- **RECORDS FOR THE EXERCISE**
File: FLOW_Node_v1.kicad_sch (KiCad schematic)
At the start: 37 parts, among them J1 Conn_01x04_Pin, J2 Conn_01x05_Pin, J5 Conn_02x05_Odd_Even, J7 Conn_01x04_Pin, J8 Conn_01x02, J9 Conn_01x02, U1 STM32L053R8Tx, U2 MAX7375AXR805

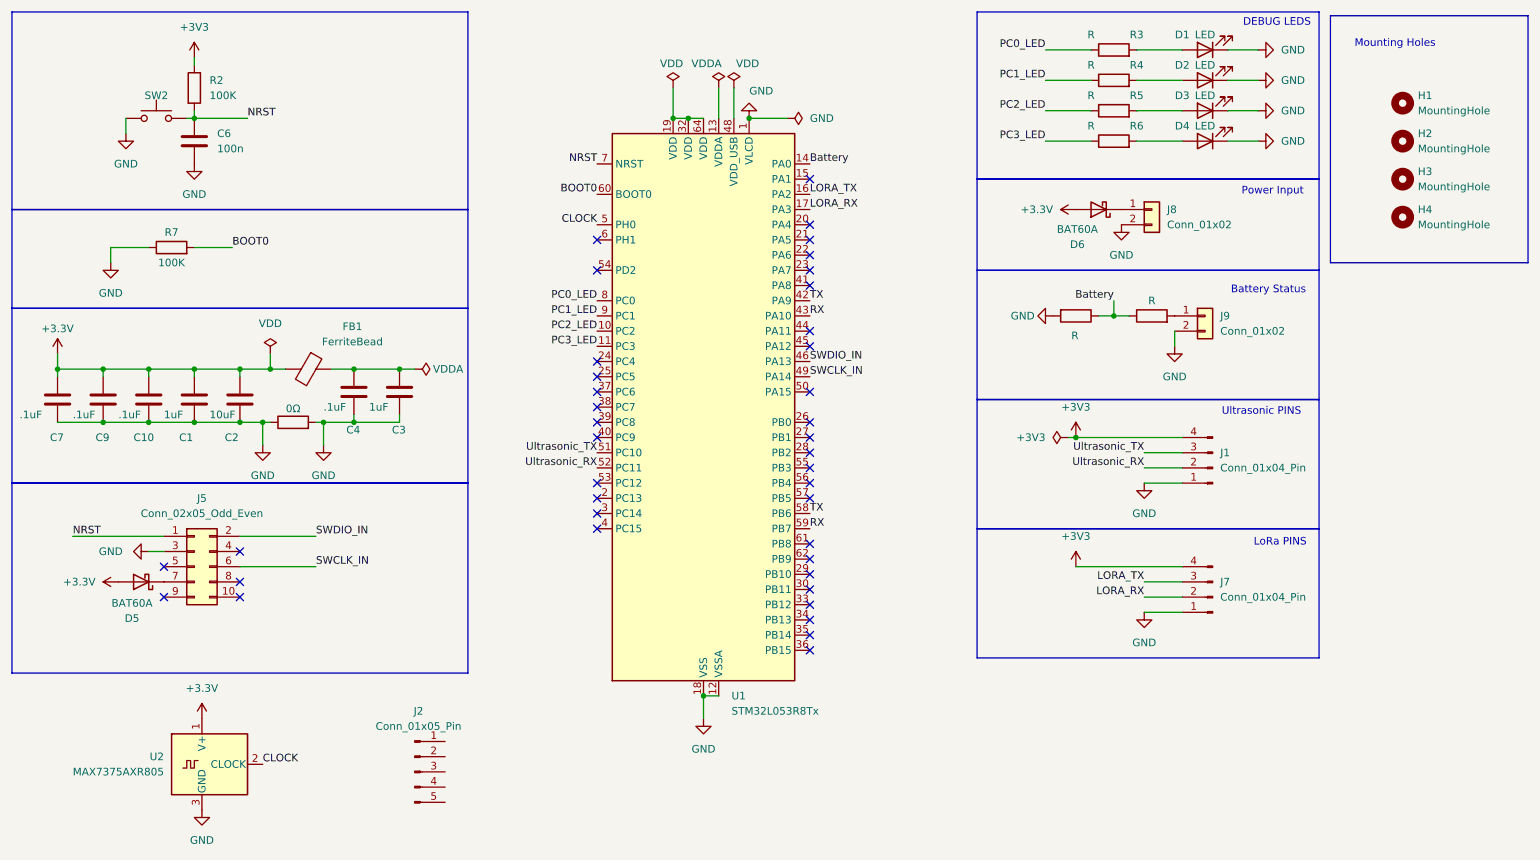
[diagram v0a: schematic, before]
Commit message: Newest Node PCB
with ground plane
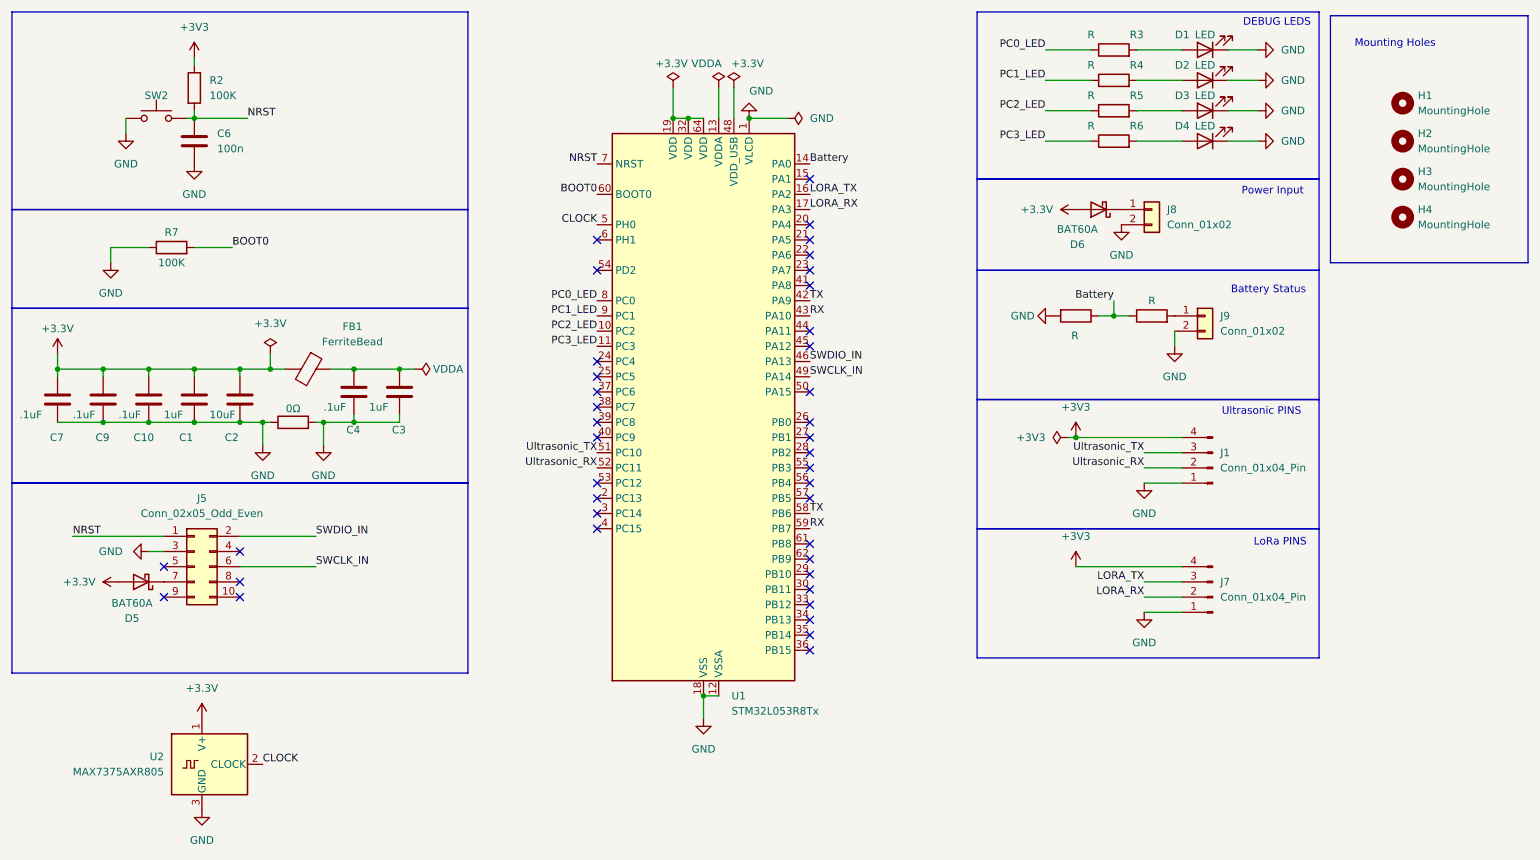
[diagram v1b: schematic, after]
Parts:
- removed J2: Conn_01x05_Pin, symbol Connector:Conn_01x05_Pin
- J5: footprint Connector_PinHeader_2.54mm:PinHeader_1x05_P2.54mm_Vertical -> Connector_PinHeader_2.54mm:PinHeader_2x05_P2.54mm_Vertical
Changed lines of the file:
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@@
 			)
 		)
-		(property "Value" "VDD"
+		(property "Value" "+3.3V"
 			(at 122.936 21.336 0)
 			(effects
@@
 			)
 		)
-		(property "Value" "VDD"
+		(property "Value" "+3.3V"
 			(at 135.636 21.336 0)
 			(effects
@@
 	)
 	(symbol
-		(lib_id "Connector:Conn_01x05_Pin")
-		(at 80.01 139.7 0)
-		(unit 1)
-		(exclude_from_sim no)
-		(in_bom yes)
-		(on_board yes)
-		(dnp no)
-		(fields_autoplaced yes)
-		(property "Reference" "J2"
-			(at 80.645 129.54 0)
-			(effects
-				(font
-					(size 1.27 1.27)
-				)
-			)
-		)
-		(property "Value" "Conn_01x05_Pin"
-			(at 80.645 132.08 0)
-			(effects
-				(font
-					(size 1.27 1.27)
-				)
-			)
-		)
-		(property "Footprint" ""
-			(at 80.01 139.7 0)
-			(effects
-				(font
-					(size 1.27 1.27)
-				)
-				(hide yes)
-			)
-		)
-		(property "Datasheet" "~"
-			(at 80.01 139.7 0)
-			(effects
-				(font
-					(size 1.27 1.27)
-				)
-				(hide yes)
-			)
-		)
-		(property "Description" "Generic connector, single row, 01x05, script generated"
-			(at 80.01 139.7 0)
-			(effects
-				(font
-					(size 1.27 1.27)
-				)
-				(hide yes)
-			)
-		)
-		(pin "4"
-		)
-		(pin "1"
-		)
-		(pin "2"
-		)
-		(pin "5"
-		)
-		(pin "3"
-		)
-		(instances
-			(project ""
-				(path "/d3521264-adf0-4a8d-b720-9cc64583c997"
-					(reference "J2")
-					(unit 1)
-				)
-			)
-		)
-	)
-	(symbol
 		(lib_id "power:+3V3")
 		(at 43.18 20.32 0)
@@
 			)
 		)
-		(property "Footprint" "Connector_PinHeader_2.54mm:PinHeader_1x05_P2.54mm_Vertical"
+		(property "Footprint" "Connector_PinHeader_2.54mm:PinHeader_2x05_P2.54mm_Vertical"
 			(at 43.18 105.41 0)
 			(effects
@@
 			)
 		)
-		(property "Value" "VDD"
+		(property "Value" "+3.3V"
 			(at 55.88 64.77 0)
 			(effects

- **TASK TO CARRY OUT**
Search the preceding listing for the word "diagram" and pull out every line that holds it.

- **OUTPUT FOR THIS TASK**
[diagram v0a: schematic, before]
[diagram v1b: schematic, after]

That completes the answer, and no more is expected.